- **PROBLEM DESCRIPTION**
Your copy should match the entries exactly, except that it holds no pictures.

(Dataset records)
☆ ☆ ☆

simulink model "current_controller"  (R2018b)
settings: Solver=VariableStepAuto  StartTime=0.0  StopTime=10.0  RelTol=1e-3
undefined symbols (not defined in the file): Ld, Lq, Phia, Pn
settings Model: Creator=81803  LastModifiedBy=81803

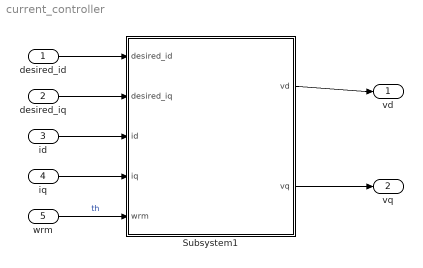
== system current_controller ==
  desired_id : Inport
  desired_iq : Inport  Port=2
  id : Inport  Port=3
  iq : Inport  Port=4
  wrm : Inport  Port=5
  Subsystem1 : Subsystem
  vd : Outport
  vq : Outport  Port=2
  wires:
  desired_id/1 -> Subsystem1/1(desired_id)
  desired_iq/1 -> Subsystem1/2(desired_iq)
  id/1 -> Subsystem1/3(id)
  iq/1 -> Subsystem1/4(iq)
  wrm/1 -> Subsystem1/5(wrm)  "th"
  Subsystem1/1(vd) -> vd/1
  Subsystem1/2(vq) -> vq/1

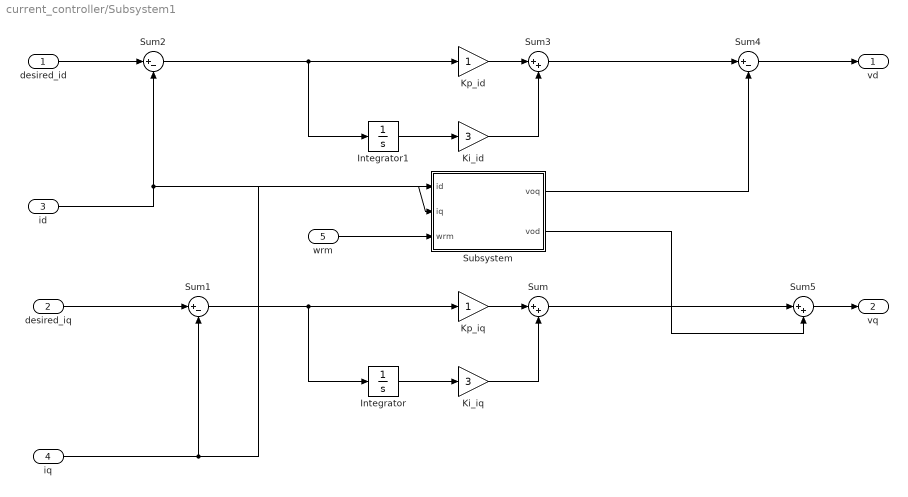
== system current_controller/Subsystem1 ==
  desired_id : Inport
  desired_iq : Inport  Port=2
  id : Inport  Port=3
  iq : Inport  Port=4
  wrm : Inport  Port=5
  Integrator : Integrator
  Integrator1 : Integrator
  Ki_id : Gain  Gain=3
  Ki_iq : Gain  Gain=3
  Kp_id : Gain
  Kp_iq : Gain
  Subsystem : Subsystem
  Sum : Sum  Inputs=|++
  Sum1 : Sum  Inputs=|+-
  Sum2 : Sum  Inputs=|+-
  Sum3 : Sum  Inputs=|++
  Sum4 : Sum  Inputs=|+-
  Sum5 : Sum  Inputs=|++
  vd : Outport
  vq : Outport  Port=2
  wires:
  Integrator/1 -> Ki_iq/1
  Sum2/1 -> Integrator1/1, Kp_id/1
  desired_iq/1 -> Sum1/1
  Subsystem/2(vod) -> Sum5/2
  desired_id/1 -> Sum2/1
  Sum3/1 -> Sum4/1
  Kp_id/1 -> Sum3/1
  Kp_iq/1 -> Sum/1
  Ki_iq/1 -> Sum/2
  iq/1 -> Subsystem/1(id), Sum1/2
  Sum1/1 -> Integrator/1, Kp_iq/1
  Integrator1/1 -> Ki_id/1
  Ki_id/1 -> Sum3/2
  id/1 -> Subsystem/2(iq), Sum2/2
  Sum/1 -> Sum5/1
  Sum4/1 -> vd/1
  Sum5/1 -> vq/1
  wrm/1 -> Subsystem/3(wrm)
  Subsystem/1(voq) -> Sum4/2

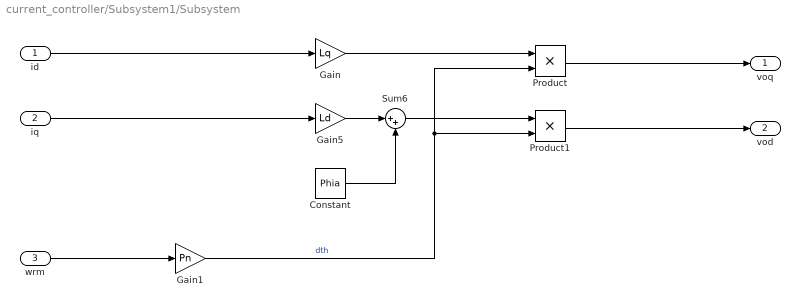
== system current_controller/Subsystem1/Subsystem ==
  id : Inport
  iq : Inport  Port=2
  wrm : Inport  Port=3
  Constant : Constant  Value=Phia
  Gain : Gain  Gain=Lq
  Gain1 : Gain  Gain=Pn
  Gain5 : Gain  Gain=Ld
  Product : Product
  Product1 : Product
  Sum6 : Sum  Inputs=|++
  voq : Outport
  vod : Outport  Port=2
  wires:
  Sum6/1 -> Product1/1
  Constant/1 -> Sum6/2
  wrm/1 -> Gain1/1
  Gain/1 -> Product/1
  Gain1/1 -> Product/2, Product1/2  "dth"
  Gain5/1 -> Sum6/1
  Product/1 -> voq/1
  iq/1 -> Gain5/1
  Product1/1 -> vod/1
  id/1 -> Gain/1

☆ ☆ ☆

- **ANSWER TO THE EXERCISE**
simulink model "current_controller"  (R2018b)
settings: Solver=VariableStepAuto  StartTime=0.0  StopTime=10.0  RelTol=1e-3
undefined symbols (not defined in the file): Ld, Lq, Phia, Pn
settings Model: Creator=81803  LastModifiedBy=81803

== system current_controller ==
  desired_id : Inport
  desired_iq : Inport  Port=2
  id : Inport  Port=3
  iq : Inport  Port=4
  wrm : Inport  Port=5
  Subsystem1 : Subsystem
  vd : Outport
  vq : Outport  Port=2
  wires:
  desired_id/1 -> Subsystem1/1(desired_id)
  desired_iq/1 -> Subsystem1/2(desired_iq)
  id/1 -> Subsystem1/3(id)
  iq/1 -> Subsystem1/4(iq)
  wrm/1 -> Subsystem1/5(wrm)  "th"
  Subsystem1/1(vd) -> vd/1
  Subsystem1/2(vq) -> vq/1

== system current_controller/Subsystem1 ==
  desired_id : Inport
  desired_iq : Inport  Port=2
  id : Inport  Port=3
  iq : Inport  Port=4
  wrm : Inport  Port=5
  Integrator : Integrator
  Integrator1 : Integrator
  Ki_id : Gain  Gain=3
  Ki_iq : Gain  Gain=3
  Kp_id : Gain
  Kp_iq : Gain
  Subsystem : Subsystem
  Sum : Sum  Inputs=|++
  Sum1 : Sum  Inputs=|+-
  Sum2 : Sum  Inputs=|+-
  Sum3 : Sum  Inputs=|++
  Sum4 : Sum  Inputs=|+-
  Sum5 : Sum  Inputs=|++
  vd : Outport
  vq : Outport  Port=2
  wires:
  Integrator/1 -> Ki_iq/1
  Sum2/1 -> Integrator1/1, Kp_id/1
  desired_iq/1 -> Sum1/1
  Subsystem/2(vod) -> Sum5/2
  desired_id/1 -> Sum2/1
  Sum3/1 -> Sum4/1
  Kp_id/1 -> Sum3/1
  Kp_iq/1 -> Sum/1
  Ki_iq/1 -> Sum/2
  iq/1 -> Subsystem/1(id), Sum1/2
  Sum1/1 -> Integrator/1, Kp_iq/1
  Integrator1/1 -> Ki_id/1
  Ki_id/1 -> Sum3/2
  id/1 -> Subsystem/2(iq), Sum2/2
  Sum/1 -> Sum5/1
  Sum4/1 -> vd/1
  Sum5/1 -> vq/1
  wrm/1 -> Subsystem/3(wrm)
  Subsystem/1(voq) -> Sum4/2

== system current_controller/Subsystem1/Subsystem ==
  id : Inport
  iq : Inport  Port=2
  wrm : Inport  Port=3
  Constant : Constant  Value=Phia
  Gain : Gain  Gain=Lq
  Gain1 : Gain  Gain=Pn
  Gain5 : Gain  Gain=Ld
  Product : Product
  Product1 : Product
  Sum6 : Sum  Inputs=|++
  voq : Outport
  vod : Outport  Port=2
  wires:
  Sum6/1 -> Product1/1
  Constant/1 -> Sum6/2
  wrm/1 -> Gain1/1
  Gain/1 -> Product/1
  Gain1/1 -> Product/2, Product1/2  "dth"
  Gain5/1 -> Sum6/1
  Product/1 -> voq/1
  iq/1 -> Gain5/1
  Product1/1 -> vod/1
  id/1 -> Gain/1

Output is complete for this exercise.